Medications in the United States are priced much higher than those in other countries. For example, someone can purchase two bottles of Rhinocort in the United States for $250. Fly to Romania, and those same $250 dollars buy 51 bottles of the same drug. A natural inflation of drug prices is expected due to the increasing cost of modern technology used in drug production, but the large price gap between medications in different countries has no relationship to inflation. European countries have a system in which governments can bargain for lower prices, relieving the public from paying full research costs. In America, the research costs fall upon the consumer. This inflames prices.

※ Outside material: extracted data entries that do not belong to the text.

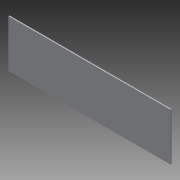
# Autodesk Inventor part: blacha2
Saved by Autodesk Inventor 2014 (Build 180170000, 170)
## iProperties
Created: 2013-08-20
Part Number: blacha2
Material: Aluminium 6061
Document SubType Name: Konstrukcja blachowa
Designer: Kisieel
Density: 1 g/cm^3
Flat Pattern Width: 8.8 cm
Flat Pattern Length: 30 cm
Flat Pattern Area: 264 cm^2
Sheet Metal Rule: Domyślny
Sheet Metal Width: 88,000 mm
Sheet Metal Length: 300,000 mm
Sheet Metal Area: 26400,000 mm^2
Appearance: Aluminium — płaski
Author: Kisieel
Autodesk Inventor part; units mm, degrees
ref_plane "YZ Plane" through (0, 0, 0) normal (1, 0, 0) x (0, 1, 0)
ref_plane "XZ Plane" through (0, 0, 0) normal (0, 1, 0) x (-1, 0, 0)
ref_plane "XY Plane" through (0, 0, 0) normal (0, 0, 1) x (1, 0, 0)
sketch "Szkic1" plane through (0, 0, 0) normal (0, 1, 0) x (-1, 0, 0)
  line L0 (0, 0) -> (300, 0)
  line L1 (300, 0) -> (300, 88)
  line L2 (300, 88) -> (0, 88)
  line L3 (0, 88) -> (0, 0)
  dimension "d0" = 300
  dimension "d2" = 88
  constraints: 8 end point, 2 parallel, 1 horizontal, 1 perpendicular
  measures "d0" distance of L1.end L2.end
  measures "d2" distance of L2.end L0.start
extrude "Wyciągnięcie proste1" add sketch "Szkic1" along normal blind 4
equation "\"PromieńGięcia\" = Grubość"
equation "\"SzerokośćGięciaPodcięcia\" = Grubość"
equation "\"GłębokośćGięciaPodcięcia\" = 0.5 * Grubość"
equation "\"RozmiarPodcięciaNarożnika\" = 4 * Grubość"
equation "\"MinimalnaPozostałość\" = 2 * Grubość"
equation "\"PromieńPrzejścia\" = PromieńGięcia"
equation "\"Rozmiar_promienia_Jacobiego\" = Grubość"
equation "\"Wielk_odstępu\" = Grubość"
equation "\"Grubość\" = 4"

Consumers naturally look for a way to avoid paying so much for medication and tend to purchase generic brands of medicine, most of which are completely safe. However, recent generic drugs have, in fact, encountered safety issues. For example, extended release pills may remain partially patented because the drug and the pill capsule have separate patents. Generic brands therefore have to create their own pill capsule, which may not be as reliable. In one case involving a generic form of Toprol XL, an extended release capsule failed to work and caused chest pains. In Katie Thomas’s article “Generic Versions of Toprol XL, a Heart Drug, Are Recalled,” Dr. Harry Lever expressed his concern about generics: even though the US Food and Drug Administration (FDA) deemed these generics a safe alternative, consumers assume they are exactly the same as the big name brands when they don’t always turn out to be so.
Other generics affect issues in the body such as blood clots and high blood pressure, which are very sensitive to dosage of certain medications. A company must only prove that a generic is bioidentical to the brand name. This claim is more deceiving than it may sound. Being “bioidentical” means that a drug follows the safety guidelines and delivers 80-125 percent of the same active ingredient, which can cause inaccuracies in dosage. A consumer who switches to a generic pill could possibly take too high or too low of a dose, putting them at unforeseen risk.
In addition to chemical inadequacies, the location of the manufacturing sites can cause problems. India’s drug market is expanding fast and has little regulation. In recent years, the FDA has found “serious contamination, such as presence of flies” in drugs coming from India. Since these discoveries, the FDA has shut down multiple plants of the company, Ranbaxy, which produced the medication. Increased regulation may solve some problems. However, the checks on foreign drug facilities are fewer than domestic ones. This puts the consumer at risk since the FDA still continues to claim that there is nothing dangerous about generics. The FDA fails to acknowledge that contaminated drugs from international markets may not be identified, as even the Drug Controller General of India admitted that many facilities would have to be shut down if the FDA began enforcing American standards.
Though the risk involved with generics is small, the consumer must also consider that name brand drugs are much more regulated. Is assured safety worth the price of these medications? That’s up to the individual to decide, but for the future, it’s important for consumers to voice their opinions and push for change.